Maybe it's on a switch and someone flipped it without you knowing?

Or maybe the outlet has gone bad and you should check it.


----------



## JetJammer (Jan 18, 2009)

Mine does this occasionally, never have quite figured out why.  I'm guessing the plug isn't quite connected, despite the orange light.  What I've started doing is having the kindle awake when I plug it in, and checking to see if the battery has the charging icon.  Maybe it's coincidence, but I've been doing this for a few weeks now and so far it's charged to green every time.


----------



## history_lover (Aug 9, 2010)

I once noticed something like this - after having it plugged in for several hours, it was still orange but I figured it should have charged enough to unplug and use, even if it wasn't fully charged. But when I unplugged it, the battery was still nearly dead and after 5 mins, gave me a low battery warning. So I plugged it back in and when I checked it later, it seemed to be charging normally. I don't know what the problem was but I hope it doesn't become a regular issue.


----------



## bordercollielady (Nov 21, 2008)

I  had  it plugged into a strip - along with a lamp,  my  Blackberry,  and a  clock/radio..    All  those are fine..  maybe the adapter wasn't all the way in - and when  I moved it to the  other  strip -  it was  tighter.    Very  strange..
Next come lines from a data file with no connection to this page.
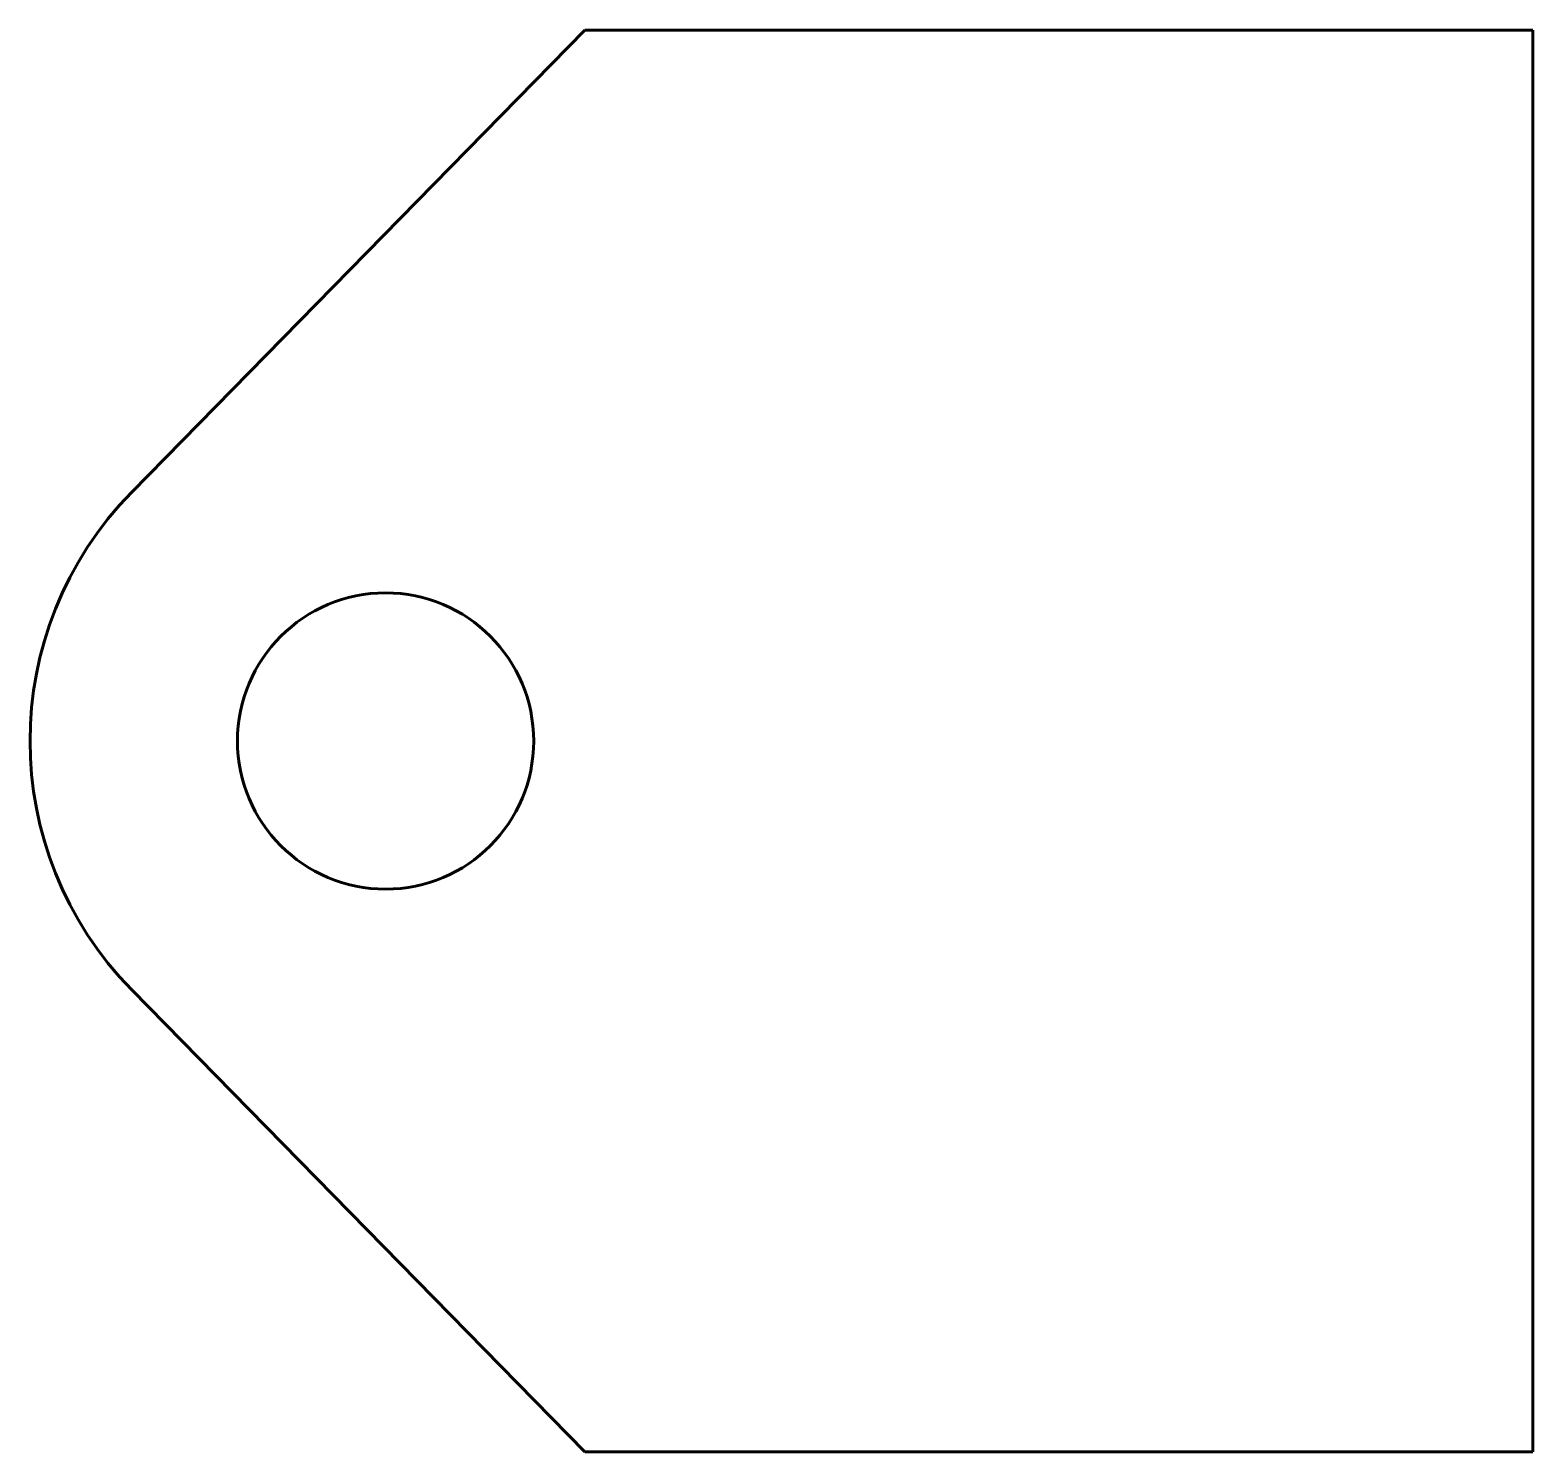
# Model space of a CAD drawing. Header units: millimetres. Extents: x -127 to 0, y 0 to 120.
import ezdxf

# ---------------------------------------------------------------- set-up
doc = ezdxf.new("R2010")
doc.units = ezdxf.units.MM
doc.linetypes.add('K5LT_BASIC', pattern=[0])

msp = doc.modelspace()

# ---------------------------------------------------------------- linework, layer by layer
at = {"color": 150, "linetype": 'K5LT_BASIC', "lineweight": 60, "true_color": 0x0080ff}
for p, q in [((-118.24, 81), (-80, 120)), ((-80, 120), (0, 120)), ((0, 120), (0, 0)), ((-80, 0), (-118.24, 39)), ((0, 0), (-80, 0))]:
    msp.add_line(p, q, dxfattribs=at)
msp.add_circle((-96.82, 60), 12.5, dxfattribs=at)
msp.add_arc((-96.82, 60), 30, 135.5616, 224.4384, dxfattribs=at)

doc.saveas('drawing.dxf')

If it happens again,  I'll call CS.


----------



## KayakerNC (Oct 7, 2009)

bordercollielady said:


> I had it plugged into a strip - along with a lamp, my Blackberry, and a clock/radio.. All those are fine.. maybe the adapter wasn't all the way in - and when I moved it to the other strip - it was tighter. Very strange..
> 
> If it happens again, I'll call CS.


Or you could try plugging another lamp into the outlet in question on the Strip.


----------



## r0b0d0c (Feb 16, 2009)

bordercollielady said:


> I had it plugged into a strip - along with a lamp, my Blackberry, and a clock/radio.. All those are fine.. maybe the adapter wasn't all the way in - and when I moved it to the other strip - it was tighter. Very strange..
> 
> If it happens again, I'll call CS.


That wouldn't make a difference - if the connection wasn't "tight," you wouldn't see an orange or green light - it wouldn't be lit at all (or, at most, the light would flicker off/on as contact was made intermittently).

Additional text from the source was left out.